Fisheries service: LNG terminal would harm salmon

Wednesday, January 23, 2008 |
PORTLAND (AP) — The National Marine Fisheries Service wants the U.S. Army Corps of Engineers to at least temporarily deny a permit to dredge the Columbia River to build a liquefied natural gas import terminal below St. Helens.
In a letter last month, the fisheries service said the terminal likely would harm valuable salmon habitat.
Northern Star Natural Gas Inc. wants to build the terminal, one of three under active consideration in Oregon, at Bradwood Landing.
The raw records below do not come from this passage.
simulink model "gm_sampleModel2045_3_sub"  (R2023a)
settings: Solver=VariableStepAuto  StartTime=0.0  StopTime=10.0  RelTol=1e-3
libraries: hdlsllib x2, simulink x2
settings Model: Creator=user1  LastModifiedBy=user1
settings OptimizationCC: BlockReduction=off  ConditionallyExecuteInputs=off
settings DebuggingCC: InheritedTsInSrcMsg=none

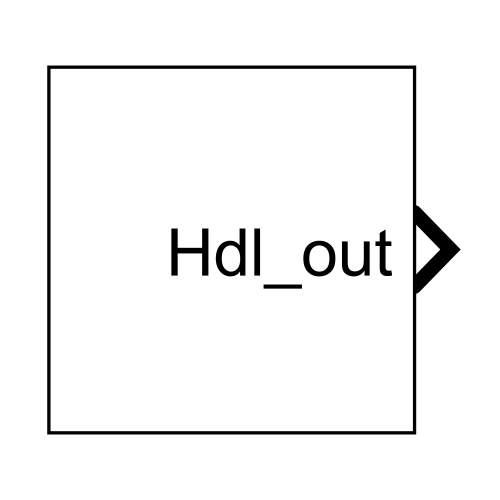
[thumbnail: Simulink's stored preview of the top-level diagram]
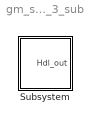
== system gm_sampleModel2045_3_sub ==
  Subsystem : Subsystem

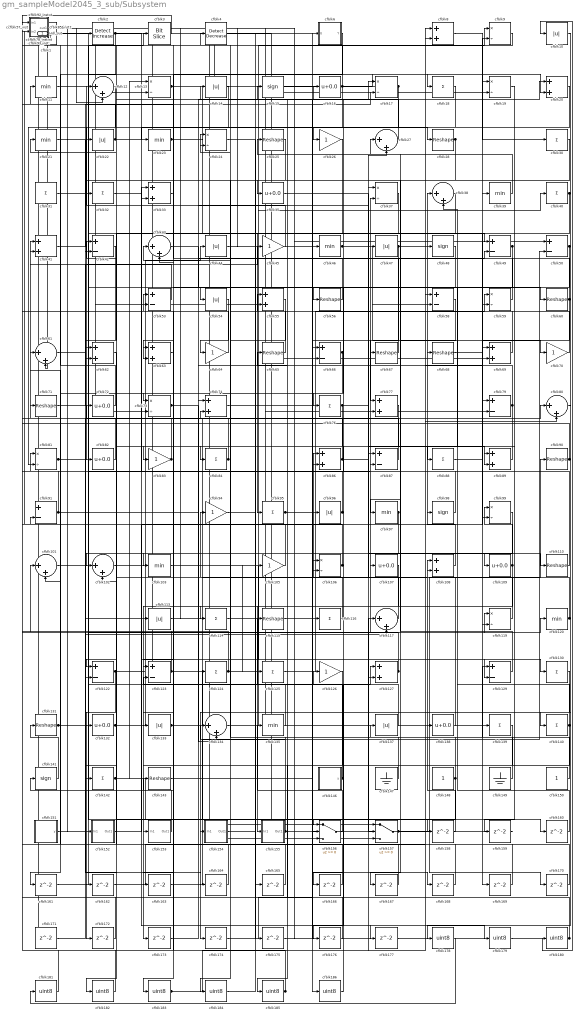
== system gm_sampleModel2045_3_sub/Subsystem ==
  cfblk1 : hdlsllib/Logic and Bit Operations/Bit Shift  mode=Shift Left Logical  N=0
  cfblk{10,14,22,44,47,54,96,113,133,137} (10 alike) : Abs  OutDataTypeStr=uint8  SaturateOnIntegerOverflow=off
  cfblk100_inst : Subsystem
  cfblk{12,27,38,43,61,80,101..102,117,134} (10 alike) : Sum  Inputs=|++  OutDataTypeStr=uint8
  cfblk{11,21,23,39,46,97,103,120,135} (9 alike) : MinMax  OutDataTypeStr=uint8
  cfblk104_inst : Subsystem
  cfblk{26,45,64,70,83,94,105,126} (8 alike) : Gain  OutDataTypeStr=uint8
  cfblk{9,13,17,19,24,37,59,73,81,99,106,119} (12 alike) : Product  Inputs=*/  OutDataTypeStr=uint8  RndMeth=Zero  SaturateOnIntegerOverflow=on
  cfblk{16,35,72,82,107,109,132,138} (8 alike) : Bias  Bias=0.0  SaturateOnIntegerOverflow=off
  cfblk{8,20,33,41,55,62..63,69,74,77,86,89,108,127} (14 alike) : Sum  OutDataTypeStr=uint8
  cfblk{25,28,56,60,65,67..68,71,90,110,115,131,143} (13 alike) : Reshape
  cfblk111_inst : Subsystem
  cfblk112_inst : Subsystem
  cfblk{18,30..32,40,76,84,88,95,114,116,124..125,130,139..140,142} (17 alike) : Sum  Inputs=+  OutDataTypeStr=uint8
  cfblk118_inst : Subsystem
  cfblk{42,49..50,53,58,66,79,87,91,122..123,129} (12 alike) : Sum  Inputs=+-  OutDataTypeStr=uint8
  cfblk128_inst : Subsystem
  cfblk136_inst : Subsystem
  cfblk{15,48,98,141} (4 alike) : Signum
  cfblk146 : Subsystem  mask(Counter Limited){uplimit=double(7), tsamp=double(-1)}
      mask prompts: uplimit "Simulink:masks:UpperLimit_MP"; tsamp "Simulink:masks:SampleTime_MP"
      mask help: Simulink:masks:CounterLimited_MD
      mask init:
      | nbits = double(8);
      | tsamp = double(-1);
      | uplimit = double(7);
  cfblk147 : Ground
  cfblk148 : Constant  OutDataTypeStr=uint8  SampleTime=-1
  cfblk149 : Ground
  cfblk150 : Constant  OutDataTypeStr=uint8  SampleTime=-1
  cfblk151 : Subsystem  mask(Counter Free-Running){NumBits=double(16), tsamp=double(-1)}
      mask prompts: NumBits "Simulink:masks:NumberOfBits_MP"; tsamp "Simulink:masks:SampleTime_MP"
      mask help: Simulink:masks:CounterFreeRunning_MD
  cfblk152 : Subsystem
  cfblk153 : Subsystem
  cfblk154 : Subsystem
  cfblk155 : Subsystem
  cfblk156 : Switch  OutDataTypeStr=uint8  SaturateOnIntegerOverflow=off  InputSameDT=off
  cfblk157 : Switch  OutDataTypeStr=uint8  SaturateOnIntegerOverflow=off  InputSameDT=off
  cfblk{158..177} (20 alike) : Delay  SampleTime=1
  cfblk{178..186} (9 alike) : DataTypeConversion  OutDataTypeStr=uint8  SaturateOnIntegerOverflow=off  RndMeth=Floor
  cfblk2 : simulink/Logic and Bit Operations/Detect Increase  vinit=0.0  OutDataTypeStr=uint8
      settings: LibrarySourceBlock=|
      | hdlsllib/Logic and Bit
      | Operations/Detect
      | Increase
  cfblk3 : hdlsllib/Logic and Bit Operations/Bit Slice  lidx=7  ridx=0
  cfblk34_inst : Subsystem
  cfblk36_inst : Subsystem
  cfblk4 : simulink/Logic and Bit Operations/Detect Decrease  vinit=0.0  OutDataTypeStr=uint8
      settings: LibrarySourceBlock=|
      | hdlsllib/Logic and Bit
      | Operations/Detect
      | Decrease
  cfblk51_inst : Subsystem
  cfblk52_inst : Subsystem
  cfblk57_inst : Subsystem
  cfblk6 : Subsystem  mask(Detect Rise Nonnegative){vinit=double(0), InputProcessing=Elements as channels (sample based), OutDataTypeStr=uint8}
      mask prompts: vinit "Simulink:masks:InitialCondition_MP"; InputProcessing "Simulink:masks:InputProcessing_MP"; OutDataTypeStr "Simulink:masks:OutputDataType_MP"
      mask help: Simulink:masks:DetectRiseNonnegative_MD
      mask init:
      | InputProcessing = 'Elements as channels (sample based)';
      | OutDataTypeStr = 'uint8';
      | vinit = double(0);
      mask TypeOptions InputProcessing: Simulink:masks:ColumnsAsChannelsFrameBased | Simulink:masks:ElementsAsChannelsSampleBased
      mask TypeOptions OutDataTypeStr: Simulink:masks:uint8 | Simulink:masks:boolean
      mask Display: fprintf('U >= 0\n&  NOT\nU/z >= 0')
  cfblk78_inst : Subsystem
  cfblk7_inst : Subsystem
  cfblk85_inst : Subsystem
  cfblk92_inst : Subsystem
  cfblk93_inst : Subsystem
  Hdl_out : Outport  OutDataTypeStr=uint8  SampleTime=1
  wires:
  cfblk1/1 -> cfblk60/1, cfblk20/2, cfblk156/1
  cfblk10/1 -> cfblk178/1
  cfblk100_inst/1(out1) -> cfblk50/1
  cfblk101/1 -> cfblk3/1
  cfblk102/1 -> cfblk44/1
  cfblk103/1 -> cfblk129/2
  cfblk104_inst/1(out1) -> cfblk61/2
  cfblk105/1 -> cfblk4/1
  cfblk106/1 -> cfblk78_inst/2(in2), cfblk7_inst/2(in2)
  cfblk107/1 -> cfblk173/1
  cfblk108/1 -> cfblk38/1
  cfblk109/1 -> cfblk99/1, cfblk155/1(In1)
  cfblk11/1 -> cfblk56/1
  cfblk110/1 -> cfblk16/1
  cfblk111_inst/1(out1) -> cfblk57_inst/1(in1), cfblk73/2
  cfblk112_inst/1(out1) -> cfblk12/2
  cfblk113/1 -> cfblk80/1
  cfblk114/1 -> cfblk9/1
  cfblk115/1 -> cfblk59/1
  cfblk116/1 -> cfblk104_inst/1(in1)
  cfblk117/1 -> cfblk86/1
  cfblk118_inst/1(out1) -> cfblk51_inst/1(in1)
  cfblk119/1 -> cfblk37/2
  cfblk12/1 -> cfblk82/1
  cfblk120/1 -> cfblk94/1, cfblk21/1
  cfblk122/1 -> cfblk172/1, cfblk39/1
  cfblk123/1 -> cfblk72/1, cfblk160/1
  cfblk124/1 -> cfblk85_inst/1(in1), cfblk105/1
  cfblk125/1 -> cfblk98/1
  cfblk126/1 -> cfblk185/1
  cfblk127/1 -> cfblk136_inst/2(in2), cfblk107/1, cfblk101/1
  cfblk128_inst/1(out1) -> cfblk52_inst/2(in2), cfblk48/1, cfblk31/1
  cfblk129/1 -> cfblk25/1
  cfblk13/1 -> cfblk169/1, cfblk95/1
  cfblk130/1 -> cfblk174/1
  cfblk131/1 -> cfblk119/1, cfblk46/1
  cfblk132/1 -> cfblk120/1, cfblk23/1
  cfblk133/1 -> cfblk9/2, cfblk106/2
  cfblk134/1 -> cfblk87/1
  cfblk135/1 -> cfblk53/1
  cfblk136_inst/1(out1) -> cfblk157/3, cfblk13/2, cfblk2/1
  cfblk137/1 -> cfblk106/1
  cfblk138/1 -> cfblk24/1
  cfblk139/1 -> cfblk176/1
  cfblk14/1 -> cfblk73/1
  cfblk140/1 -> cfblk68/1, cfblk153/1(In1)
  cfblk141/1 -> cfblk131/1
  cfblk142/1 -> cfblk165/1, cfblk13/1
  cfblk143/1 -> cfblk66/1
  cfblk146/1(y) -> cfblk74/2, cfblk74/1, cfblk115/1
  cfblk147/1 -> cfblk112_inst/1(in1)
  cfblk148/1 -> cfblk43/1, cfblk182/1
  cfblk149/1 -> cfblk137/1
  cfblk15/1 -> cfblk186/1
  cfblk150/1 -> cfblk129/1
  cfblk151/1(y) -> cfblk127/1
  cfblk152/1(Out1) -> cfblk96/1
  cfblk153/1(Out1) -> cfblk141/1
  cfblk154/1(Out1) -> cfblk108/1
  cfblk155/1(Out1) -> cfblk93_inst/2(in2), cfblk134/1
  cfblk156/1 -> cfblk135/1
  cfblk157/1 -> cfblk90/1, cfblk170/1
  cfblk158/1 -> cfblk108/2
  cfblk159/1 -> cfblk1/1
  cfblk16/1 -> cfblk136_inst/1(in1), cfblk26/1, cfblk18/1
  cfblk160/1 -> cfblk38/2
  cfblk161/1 -> cfblk33/2
  cfblk162/1 -> cfblk8/2
  cfblk163/1 -> cfblk50/2
  cfblk164/1 -> cfblk123/2
  cfblk165/1 -> cfblk42/1
  cfblk166/1 -> cfblk81/1
  cfblk167/1 -> cfblk78_inst/1(in1)
  cfblk168/1 -> cfblk34_inst/2(in2)
  cfblk169/1 -> cfblk91/2
  cfblk17/1 -> cfblk66/2, cfblk63/2, Hdl_out/1
  cfblk170/1 -> cfblk102/2
  cfblk171/1 -> cfblk77/2
  cfblk172/1 -> cfblk85_inst/2(in2)
  cfblk173/1 -> cfblk37/1
  cfblk174/1 -> cfblk86/2
  cfblk175/1 -> cfblk20/1
  cfblk176/1 -> cfblk128_inst/1(in1)
  cfblk177/1 -> cfblk80/2
  cfblk178/1 -> cfblk181/1
  cfblk179/1 -> cfblk10/1
  cfblk18/1 -> cfblk43/2
  cfblk180/1 -> cfblk65/1, cfblk128_inst/2(in2)
  cfblk181/1 -> cfblk92_inst/1(in1)
  cfblk182/1 -> cfblk92_inst/2(in2)
  cfblk183/1 -> cfblk138/1, cfblk117/1
  cfblk184/1 -> cfblk6/1(U)
  cfblk185/1 -> cfblk143/1, cfblk100_inst/1(in1)
  cfblk186/1 -> cfblk126/1
  cfblk19/1 -> cfblk159/1
  cfblk2/1 -> cfblk101/2, cfblk130/1
  cfblk20/1 -> cfblk81/2
  cfblk21/1 -> cfblk122/2
  cfblk22/1 -> cfblk49/1, cfblk28/1, cfblk111_inst/2(in2)
  cfblk23/1 -> cfblk157/2, cfblk156/3
  cfblk24/1 -> cfblk158/1
  cfblk25/1 -> cfblk35/1
  cfblk26/1 -> cfblk62/1
  cfblk27/1 -> cfblk51_inst/2(in2)
  cfblk28/1 -> cfblk42/2, cfblk97/1
  cfblk3/1 -> cfblk7_inst/1(in1)
  cfblk30/1 -> cfblk154/1(In1)
  cfblk31/1 -> cfblk175/1
  cfblk32/1 -> cfblk177/1
  cfblk33/1 -> cfblk123/1
  cfblk34_inst/1(out1) -> cfblk91/1, cfblk69/2
  cfblk35/1 -> cfblk109/1
  cfblk36_inst/1(out1) -> cfblk19/2
  cfblk37/1 -> cfblk133/1
  cfblk38/1 -> cfblk184/1
  cfblk39/1 -> cfblk27/1
  cfblk4/1 -> cfblk179/1
  cfblk40/1 -> cfblk89/2, cfblk54/1
  cfblk41/1 -> cfblk17/2
  cfblk42/1 -> cfblk62/2
  cfblk43/1 -> cfblk59/2
  cfblk44/1 -> cfblk40/1
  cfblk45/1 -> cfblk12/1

The other two in planning stages are near Astoria and Coos Bay.
The fisheries service asked that permission be withheld until it has more information.
A NorthernStar spokesman characterized the letter as routine, and said NMFS’s skepticism is typical.
“There’s nothing that we see unusual here,” said Joe Desmond, NorthernStar’s senior vice president of external affairs. “Until they have all the information, they’re not in a position to say yes.”
Building and operating the terminal, as well as dredging to make way for tankers, likely would affect vital estuary habitat, the NMFS said.
The agency noted that the Columbia River estuary has been referred to as “the most valuable spawning and nursery area for salmon in the continental United States.”
It said the “survival and recovery” of salmon and steelhead protected under the Endangered Species Act depends on the health of the Columbia.
NorthernStar plans to pull 700,000 cubic yards of material from 46 acres of riverbottom, deepening the riverbed by more than 9 feet.
The company has proposed its own salmon recovery plan, which would contribute $50 million over 35 years to habitat recovery.
The NMFS said it wants a guarantee that the recovery efforts will proceed if NorthernStar falls on hard times and suggested a bond be posted “to ensure habitat impacts are fully restored or mitigated in the event of bankruptcy or abandonment.”
CalPine, which initially planned to build a terminal at the mouth of the Columbia River, declared bankruptcy, but former CalPine executives and others are reviving efforts to build the facility.
The NorthernStar project is the farthest along in Oregon in the federal approval process.